Finding the Steady State Output of a Linear Recurrent Network

Question

I'm taking a Computational Neuroscience class on Coursera. So far it's been going great! However, I'm getting a little stuck on one of the quiz problems.

I am not taking this class for a certificate or anything. Solely for fun. I already took the quiz and after awhile, I guessed the answer, so this is not even going to be answering the quiz.

The question is framed as the following: Suppose that we had a linear recurrent network of 5 input nodes and 5 output nodes. Let us say that our network's weight matrix W is:

W = [0.6 0.1 0.1 0.1 0.1]
    [0.1 0.6 0.1 0.1 0.1]
    [0.1 0.1 0.6 0.1 0.1]
    [0.1 0.1 0.1 0.6 0.1]
    [0.1 0.1 0.1 0.1 0.6]

(Essentially, all 0.1, besides 0.6 on the diagonals.)

Suppose that we have a static input vector u:

u = [0.6]
    [0.5]
    [0.6]
    [0.2]
    [0.1]

Finally, suppose that we have a recurrent weight matrix M:

M = [-0.25, 0, 0.25, 0.25, 0]
    [0, -0.25, 0, 0.25, 0.25]
    [0.25, 0, -0.25, 0, 0.25]
    [0.25, 0.25, 0, -0.25, 0]
    [0, 0.25, 0.25, 0, -0.25]

Which of the following is the steady state output v_ss of the network? (Hint: See the lecture on recurrent networks, and consider writing some Octave or Matlab code to handle the eigenvectors/values (you may use the "eig" function))'

The notes for the class can be found here. Specifically, the equation for the steady state formula can be found on slides 5 and 6.

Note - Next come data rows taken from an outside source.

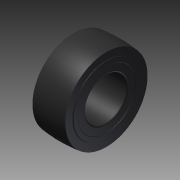
# Autodesk Inventor part: tire 16.2 od
Saved by Autodesk Inventor 2012 (Build 160160000, 160)
## iProperties
Created: 2011-11-26
Part Number: tire 16.2 od
Material: Default
Document SubType Name: Modeling
Designer: Antonella
Density: 1 g/cm^3
Author: Antonella
Autodesk Inventor part; units mm, degrees
ref_plane "YZ Plane" through (0, 0, 0) normal (1, 0, 0) x (0, 1, 0)
ref_plane "XZ Plane" through (0, 0, 0) normal (0, 1, 0) x (-1, 0, 0)
ref_plane "XY Plane" through (0, 0, 0) normal (0, 0, 1) x (1, 0, 0)
sketch "Sketch3" plane through (0, 0, 0) normal (0, 0, 1) x (1, 0, 0)
  line L0 (-112.014, 0) -> (112.014, 0) projected
  line L1 (0, -553.4025) -> (0, 332.2638) projected
  line L2 (-61.2196, 205.74) -> (61.2196, 205.74) construction
  line L3 (-80.01, 200.66) -> (80.01, 200.66) construction
  line L4 (-80.01, 101.6) -> (80.01, 101.6)
  line L5 (-80.01, 200.66) -> (-80.01, 101.6)
  line L6 (80.01, 200.66) -> (80.01, 101.6)
  arc A0 (80.01, 200.66) -> (-80.01, 200.66) centre (0, -426.8788) ccw
  point P0 (0, 0)
  point P1 (0, 205.74)
  point P2 (0, 200.66)
  dimension "d13" = 5.08
  dimension "d14" = 160.02
  dimension "d15" = 205.74
  dimension "d16" = 101.6
  constraints: 10 end point, 4 parallel, 3 point on circle, 2 midpoint, 2 perpendicular, 2 vertical alignment, 1 centre point
  measures "d13" distance between parallel lines of L2 L3
  measures "d14" distance of L3.start L3.end
  measures "d15" distance between parallel lines of L0 L2
  measures "d16" distance between parallel lines of L4 L0
revolve "Revolution1" add sketch "Sketch3" angle 360 about axis through (-10, 0, 0) along (1, 0, 0)
sketch "Sketch4" plane through (-80.01, 0, 0) normal (-1, 0, 0) x (0, 0, 1)
  circle A0 centre (0, 0) radius 101.6 projected
  circle A1 centre (0, 0) radius 139.7
  circle A2 centre (0, 0) radius 165.1
  dimension "d18" = 279.4
  dimension "d19" = 330.2
  constraints: 2 centre point, 2 coincident
  measures "d18" diameter of A1
  measures "d19" diameter of A2
extrude "Extrusion3" add sketch "Sketch4" along normal blind 2.54 contours A2
mirror "Mirror2" about plane through (0, 0, 0) normal (1, 0, 0) of "Extrusion3"
fillet "Fillet3" radius 3.175 4 edges at (-82.55, 0, -165.1) (-82.55, 0, -139.7) (82.55, 0, -139.7) (82.55, 0, -165.1)
fillet "Fillet4" radius 6.35 2 edges at (80.01, -101.6, 0) (-80.01, -101.6, 0)
body "Solid2"

I have the following code.

import numpy as np

# Construct W, the network weight matrix
W = np.ones((5,5))
W = W / 10.
np.fill_diagonal(W, 0.6)
# Construct u, the static input vector
u = np.zeros(5)
u[0] = 0.6
u[1] = 0.5
u[2] = 0.6
u[3] = 0.2
u[4] = 0.1
# Connstruct M, the recurrent weight matrix
M = np.zeros((5,5))
np.fill_diagonal(M, -0.25)
for i in range(3):
    M[2+i][i] = 0.25
    M[i][2+i] = 0.25
for i in range(2):
    M[3+i][i] = 0.25
    M[i][3+i] = 0.25

# We need to matrix multiply W and u together to get h
# NOTE: cannot use W * u, that's going to do a scalar multiply
# it's element wise otherwise
h = W.dot(u)
print 'This is h' 
print h

# Ok then the big deal is:
#                               h dot e_i
# v_ss = sum_(over all eigens) ------------ e_i
#                               1 - lambda_i

eigs = np.linalg.eig(M)

eigenvalues = eigs[0]
eigenvectors = eigs[1]

v_ss = np.zeros(5)
for i in range(5):
    v_ss += (np.dot(h,eigenvectors[:, i]))/((1.0-eigenvalues[i])) * eigenvectors[:,i]
print 'This is our steady state v_ss'
print v_ss

The correct answer is:

[0.616, 0.540, 0.609, 0.471, 0.430]

This is what I am getting:

This is our steady state v_ss
[ 0.64362264  0.5606784   0.56007018  0.50057043  0.40172501]

Can anyone spot my bug? Thank you so much! I greatly appreciate it and apologize for the long blog post. Essentially, all you need to look at, is slide 5 and 6 on that top link.

Answer 1

I tryied your solution with my matrices:

W = np.array([[0.6 , 0.1 , 0.1 , 0.1 , 0.1],
                [0.1 , 0.6 , 0.1 , 0.1 , 0.1],
                [0.1 , 0.1 , 0.6 , 0.1 , 0.1],
                [0.1 , 0.1 , 0.1 , 0.6 , 0.1],
                [0.1 , 0.1 , 0.1 , 0.1 , 0.6]])
u = np.array([.6, .5, .6, .2, .1])

M = np.array([[-0.75 , 0 , 0.75 , 0.75 , 0],
                [0 , -0.75 , 0 , 0.75 , 0.75],
                [0.75 , 0 , -0.75 , 0 , 0.75],
                [0.75 , 0.75 , 0.0 , -0.75 , 0],
                [0 , 0.75 , 0.75 , 0 , -0.75]])

and your code generated the right solution:

This is h
[ 0.5   0.45  0.5   0.3   0.25]
This is our steady state v_ss
[ 1.663354    1.5762684   1.66344153  1.56488258  1.53205348]

Maybe the problem is with the Test on coursera. Have you tryed to contact them on the forum?